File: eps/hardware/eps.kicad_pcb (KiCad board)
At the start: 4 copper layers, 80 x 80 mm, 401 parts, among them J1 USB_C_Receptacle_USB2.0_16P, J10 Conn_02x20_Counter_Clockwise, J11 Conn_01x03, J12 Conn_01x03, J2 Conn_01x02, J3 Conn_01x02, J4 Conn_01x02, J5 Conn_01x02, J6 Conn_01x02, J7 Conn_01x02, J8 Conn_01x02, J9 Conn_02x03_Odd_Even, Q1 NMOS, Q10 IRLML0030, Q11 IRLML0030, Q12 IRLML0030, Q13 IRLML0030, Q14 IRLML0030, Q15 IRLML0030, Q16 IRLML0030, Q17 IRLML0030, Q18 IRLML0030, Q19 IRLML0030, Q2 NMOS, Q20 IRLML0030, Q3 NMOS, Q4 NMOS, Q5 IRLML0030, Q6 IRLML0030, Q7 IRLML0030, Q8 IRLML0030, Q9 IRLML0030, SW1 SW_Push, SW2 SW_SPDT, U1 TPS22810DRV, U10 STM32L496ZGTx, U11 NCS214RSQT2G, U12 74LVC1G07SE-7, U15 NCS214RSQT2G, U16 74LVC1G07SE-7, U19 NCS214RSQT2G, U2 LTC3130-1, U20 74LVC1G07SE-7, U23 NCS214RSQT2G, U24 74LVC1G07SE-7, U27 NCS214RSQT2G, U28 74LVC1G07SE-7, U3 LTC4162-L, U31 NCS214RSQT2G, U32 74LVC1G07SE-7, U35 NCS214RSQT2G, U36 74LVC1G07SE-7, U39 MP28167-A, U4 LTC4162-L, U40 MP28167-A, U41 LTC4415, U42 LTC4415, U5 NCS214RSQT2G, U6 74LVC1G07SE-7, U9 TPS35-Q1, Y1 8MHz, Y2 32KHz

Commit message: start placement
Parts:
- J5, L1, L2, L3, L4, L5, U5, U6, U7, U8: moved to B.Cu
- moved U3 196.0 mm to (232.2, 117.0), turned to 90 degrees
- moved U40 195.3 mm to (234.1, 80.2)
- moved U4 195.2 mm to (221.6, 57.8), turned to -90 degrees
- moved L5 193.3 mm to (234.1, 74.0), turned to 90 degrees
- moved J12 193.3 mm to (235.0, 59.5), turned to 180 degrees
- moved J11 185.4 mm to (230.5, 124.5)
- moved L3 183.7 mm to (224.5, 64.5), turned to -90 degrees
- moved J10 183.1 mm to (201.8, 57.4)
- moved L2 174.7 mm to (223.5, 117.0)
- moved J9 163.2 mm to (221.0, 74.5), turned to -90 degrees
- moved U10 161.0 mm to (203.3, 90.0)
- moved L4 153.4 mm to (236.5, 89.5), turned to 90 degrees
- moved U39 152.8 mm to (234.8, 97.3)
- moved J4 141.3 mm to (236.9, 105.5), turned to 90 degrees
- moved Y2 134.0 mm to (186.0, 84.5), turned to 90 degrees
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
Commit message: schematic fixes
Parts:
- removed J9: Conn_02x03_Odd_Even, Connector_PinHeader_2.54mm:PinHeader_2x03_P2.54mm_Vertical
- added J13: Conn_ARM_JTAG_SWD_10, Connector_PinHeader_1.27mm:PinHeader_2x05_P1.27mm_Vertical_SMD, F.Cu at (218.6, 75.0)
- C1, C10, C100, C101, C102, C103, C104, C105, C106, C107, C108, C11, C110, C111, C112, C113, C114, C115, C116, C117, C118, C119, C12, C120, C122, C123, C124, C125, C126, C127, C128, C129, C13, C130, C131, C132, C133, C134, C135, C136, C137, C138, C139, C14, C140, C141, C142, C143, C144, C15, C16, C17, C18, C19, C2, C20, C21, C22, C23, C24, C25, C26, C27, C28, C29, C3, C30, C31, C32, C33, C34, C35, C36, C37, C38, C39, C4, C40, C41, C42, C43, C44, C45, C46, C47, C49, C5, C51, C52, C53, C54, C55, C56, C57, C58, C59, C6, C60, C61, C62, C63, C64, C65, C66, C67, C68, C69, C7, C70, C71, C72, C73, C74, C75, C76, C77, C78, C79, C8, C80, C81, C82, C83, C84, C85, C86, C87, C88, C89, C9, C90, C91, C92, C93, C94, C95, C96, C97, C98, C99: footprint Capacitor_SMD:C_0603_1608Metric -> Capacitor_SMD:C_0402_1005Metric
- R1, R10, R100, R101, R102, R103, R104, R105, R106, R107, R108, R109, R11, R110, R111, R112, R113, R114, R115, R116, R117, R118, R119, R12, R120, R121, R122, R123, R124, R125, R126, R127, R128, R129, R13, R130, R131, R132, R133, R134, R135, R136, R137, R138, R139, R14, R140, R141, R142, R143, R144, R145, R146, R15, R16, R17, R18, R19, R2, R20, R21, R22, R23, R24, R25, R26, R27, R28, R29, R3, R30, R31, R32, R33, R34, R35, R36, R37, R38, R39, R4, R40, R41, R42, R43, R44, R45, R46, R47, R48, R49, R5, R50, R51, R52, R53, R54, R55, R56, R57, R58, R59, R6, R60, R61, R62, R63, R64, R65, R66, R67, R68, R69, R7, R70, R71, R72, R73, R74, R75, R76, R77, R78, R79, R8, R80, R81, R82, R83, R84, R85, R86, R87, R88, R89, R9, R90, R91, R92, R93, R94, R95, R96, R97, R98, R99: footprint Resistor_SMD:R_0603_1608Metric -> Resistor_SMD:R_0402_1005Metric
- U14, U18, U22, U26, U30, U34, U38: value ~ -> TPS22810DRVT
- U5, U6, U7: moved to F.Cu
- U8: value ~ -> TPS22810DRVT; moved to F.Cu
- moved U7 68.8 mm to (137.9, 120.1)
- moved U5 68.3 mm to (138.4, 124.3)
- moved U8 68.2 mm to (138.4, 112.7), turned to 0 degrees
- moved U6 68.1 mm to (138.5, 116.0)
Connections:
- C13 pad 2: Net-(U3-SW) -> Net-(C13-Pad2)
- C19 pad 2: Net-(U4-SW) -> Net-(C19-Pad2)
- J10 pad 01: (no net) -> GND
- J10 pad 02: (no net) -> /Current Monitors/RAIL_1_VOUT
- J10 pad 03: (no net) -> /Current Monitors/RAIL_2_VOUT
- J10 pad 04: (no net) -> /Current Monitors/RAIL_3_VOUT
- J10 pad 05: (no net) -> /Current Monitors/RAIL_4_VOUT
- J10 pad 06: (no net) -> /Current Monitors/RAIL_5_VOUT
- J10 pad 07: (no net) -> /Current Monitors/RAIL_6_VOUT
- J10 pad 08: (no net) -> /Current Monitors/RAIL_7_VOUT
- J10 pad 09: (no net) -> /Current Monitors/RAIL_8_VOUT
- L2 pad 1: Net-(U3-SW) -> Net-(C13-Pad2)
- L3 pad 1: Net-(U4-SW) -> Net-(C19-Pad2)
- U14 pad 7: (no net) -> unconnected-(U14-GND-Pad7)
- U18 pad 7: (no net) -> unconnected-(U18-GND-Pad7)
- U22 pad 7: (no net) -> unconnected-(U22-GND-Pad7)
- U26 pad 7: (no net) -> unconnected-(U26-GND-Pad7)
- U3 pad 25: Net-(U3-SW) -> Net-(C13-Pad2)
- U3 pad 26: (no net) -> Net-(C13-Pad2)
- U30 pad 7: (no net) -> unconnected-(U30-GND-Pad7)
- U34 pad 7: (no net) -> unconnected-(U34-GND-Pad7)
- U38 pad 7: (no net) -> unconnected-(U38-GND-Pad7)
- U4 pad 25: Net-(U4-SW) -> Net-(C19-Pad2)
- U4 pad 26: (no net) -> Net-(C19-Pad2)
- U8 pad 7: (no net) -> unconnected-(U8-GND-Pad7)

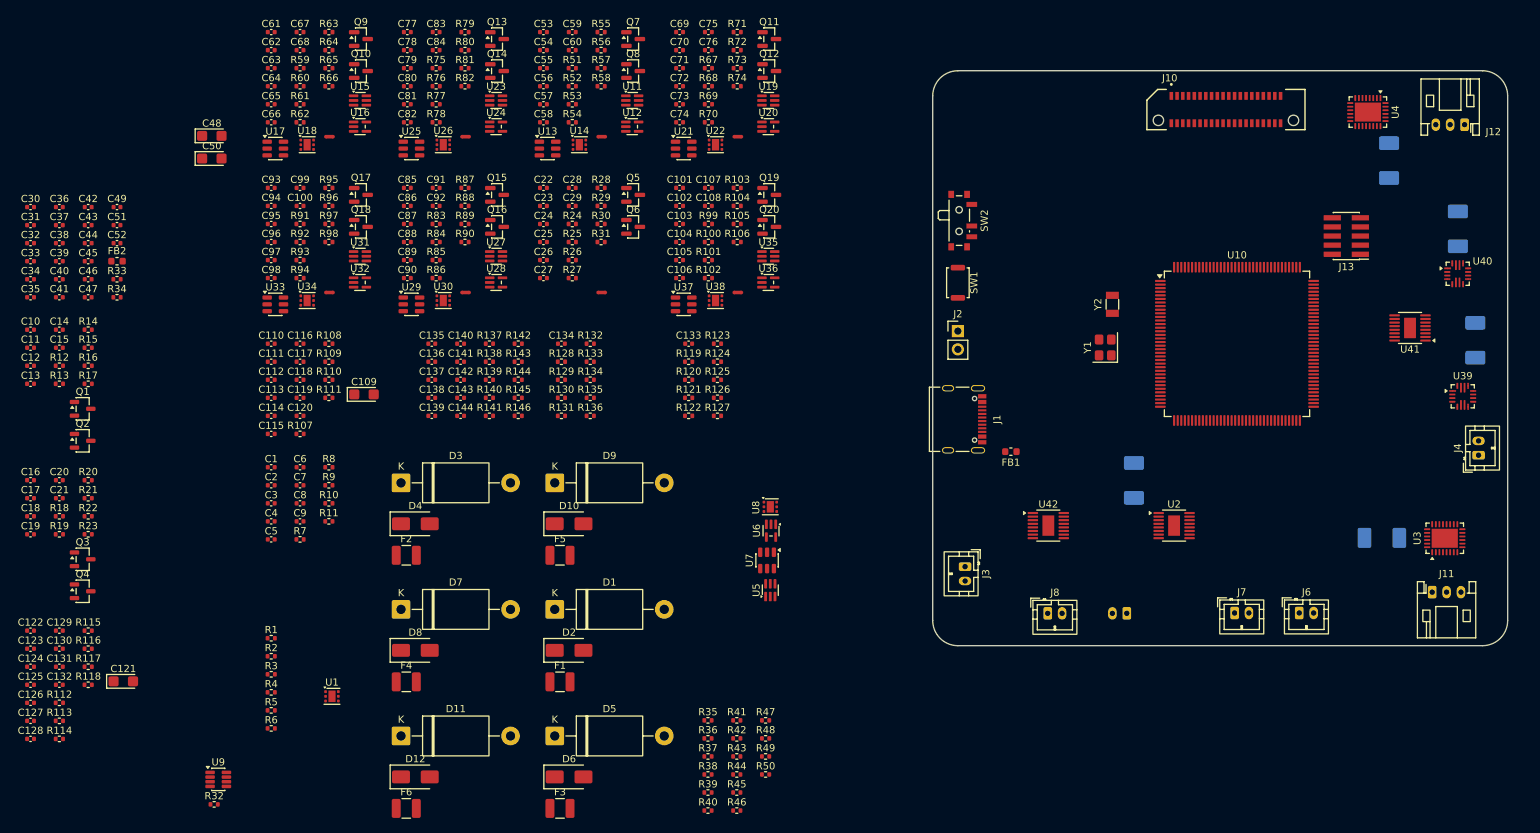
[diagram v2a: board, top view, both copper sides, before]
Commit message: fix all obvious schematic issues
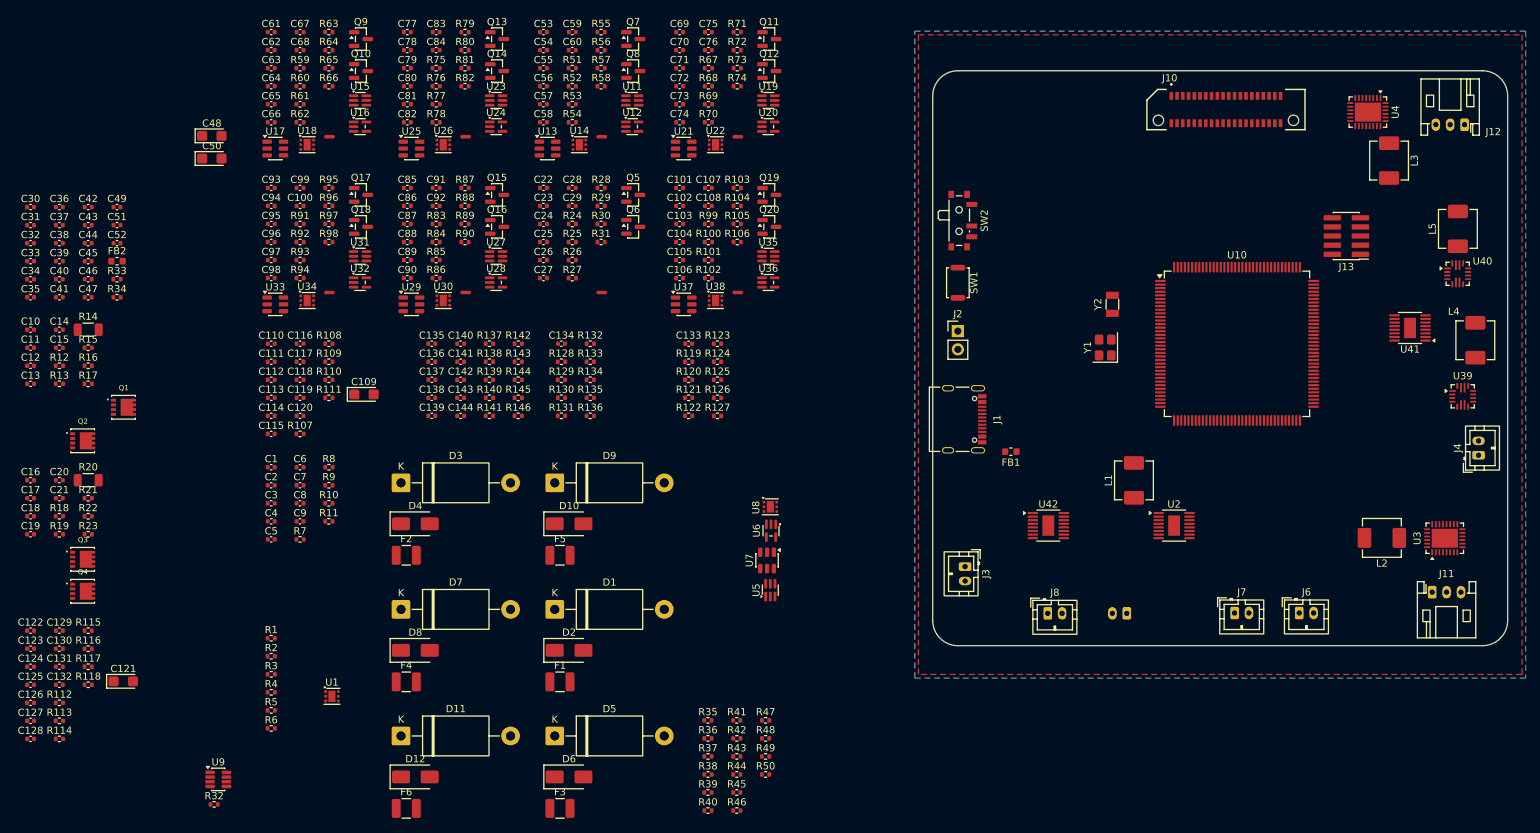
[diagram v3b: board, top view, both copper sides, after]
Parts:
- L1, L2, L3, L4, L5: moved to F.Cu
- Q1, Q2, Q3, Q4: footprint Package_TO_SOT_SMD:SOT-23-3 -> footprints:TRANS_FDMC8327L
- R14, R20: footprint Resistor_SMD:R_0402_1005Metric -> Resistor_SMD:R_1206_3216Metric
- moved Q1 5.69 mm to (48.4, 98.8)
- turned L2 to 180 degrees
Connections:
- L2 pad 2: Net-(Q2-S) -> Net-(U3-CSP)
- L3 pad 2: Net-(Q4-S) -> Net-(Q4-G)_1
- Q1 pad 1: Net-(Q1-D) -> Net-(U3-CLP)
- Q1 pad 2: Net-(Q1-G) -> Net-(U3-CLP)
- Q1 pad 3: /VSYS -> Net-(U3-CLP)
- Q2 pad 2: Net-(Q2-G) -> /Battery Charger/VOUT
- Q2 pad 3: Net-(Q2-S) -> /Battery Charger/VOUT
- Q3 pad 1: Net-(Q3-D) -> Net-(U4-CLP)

--------------------------------

▸ **WORK REQUEST**: Only one span is wanted. It runs from the first line of the listing through the line with "- moved J11 185.4 mm to (230.5, 124.5)", and each line must match exactly.

▸ **YOUR SOLUTION**:
File: eps/hardware/eps.kicad_pcb (KiCad board)
At the start: 4 copper layers, 80 x 80 mm, 401 parts, among them J1 USB_C_Receptacle_USB2.0_16P, J10 Conn_02x20_Counter_Clockwise, J11 Conn_01x03, J12 Conn_01x03, J2 Conn_01x02, J3 Conn_01x02, J4 Conn_01x02, J5 Conn_01x02, J6 Conn_01x02, J7 Conn_01x02, J8 Conn_01x02, J9 Conn_02x03_Odd_Even, Q1 NMOS, Q10 IRLML0030, Q11 IRLML0030, Q12 IRLML0030, Q13 IRLML0030, Q14 IRLML0030, Q15 IRLML0030, Q16 IRLML0030, Q17 IRLML0030, Q18 IRLML0030, Q19 IRLML0030, Q2 NMOS, Q20 IRLML0030, Q3 NMOS, Q4 NMOS, Q5 IRLML0030, Q6 IRLML0030, Q7 IRLML0030, Q8 IRLML0030, Q9 IRLML0030, SW1 SW_Push, SW2 SW_SPDT, U1 TPS22810DRV, U10 STM32L496ZGTx, U11 NCS214RSQT2G, U12 74LVC1G07SE-7, U15 NCS214RSQT2G, U16 74LVC1G07SE-7, U19 NCS214RSQT2G, U2 LTC3130-1, U20 74LVC1G07SE-7, U23 NCS214RSQT2G, U24 74LVC1G07SE-7, U27 NCS214RSQT2G, U28 74LVC1G07SE-7, U3 LTC4162-L, U31 NCS214RSQT2G, U32 74LVC1G07SE-7, U35 NCS214RSQT2G, U36 74LVC1G07SE-7, U39 MP28167-A, U4 LTC4162-L, U40 MP28167-A, U41 LTC4415, U42 LTC4415, U5 NCS214RSQT2G, U6 74LVC1G07SE-7, U9 TPS35-Q1, Y1 8MHz, Y2 32KHz

Commit message: start placement
Parts:
- J5, L1, L2, L3, L4, L5, U5, U6, U7, U8: moved to B.Cu
- moved U3 196.0 mm to (232.2, 117.0), turned to 90 degrees
- moved U40 195.3 mm to (234.1, 80.2)
- moved U4 195.2 mm to (221.6, 57.8), turned to -90 degrees
- moved L5 193.3 mm to (234.1, 74.0), turned to 90 degrees
- moved J12 193.3 mm to (235.0, 59.5), turned to 180 degrees
- moved J11 185.4 mm to (230.5, 124.5)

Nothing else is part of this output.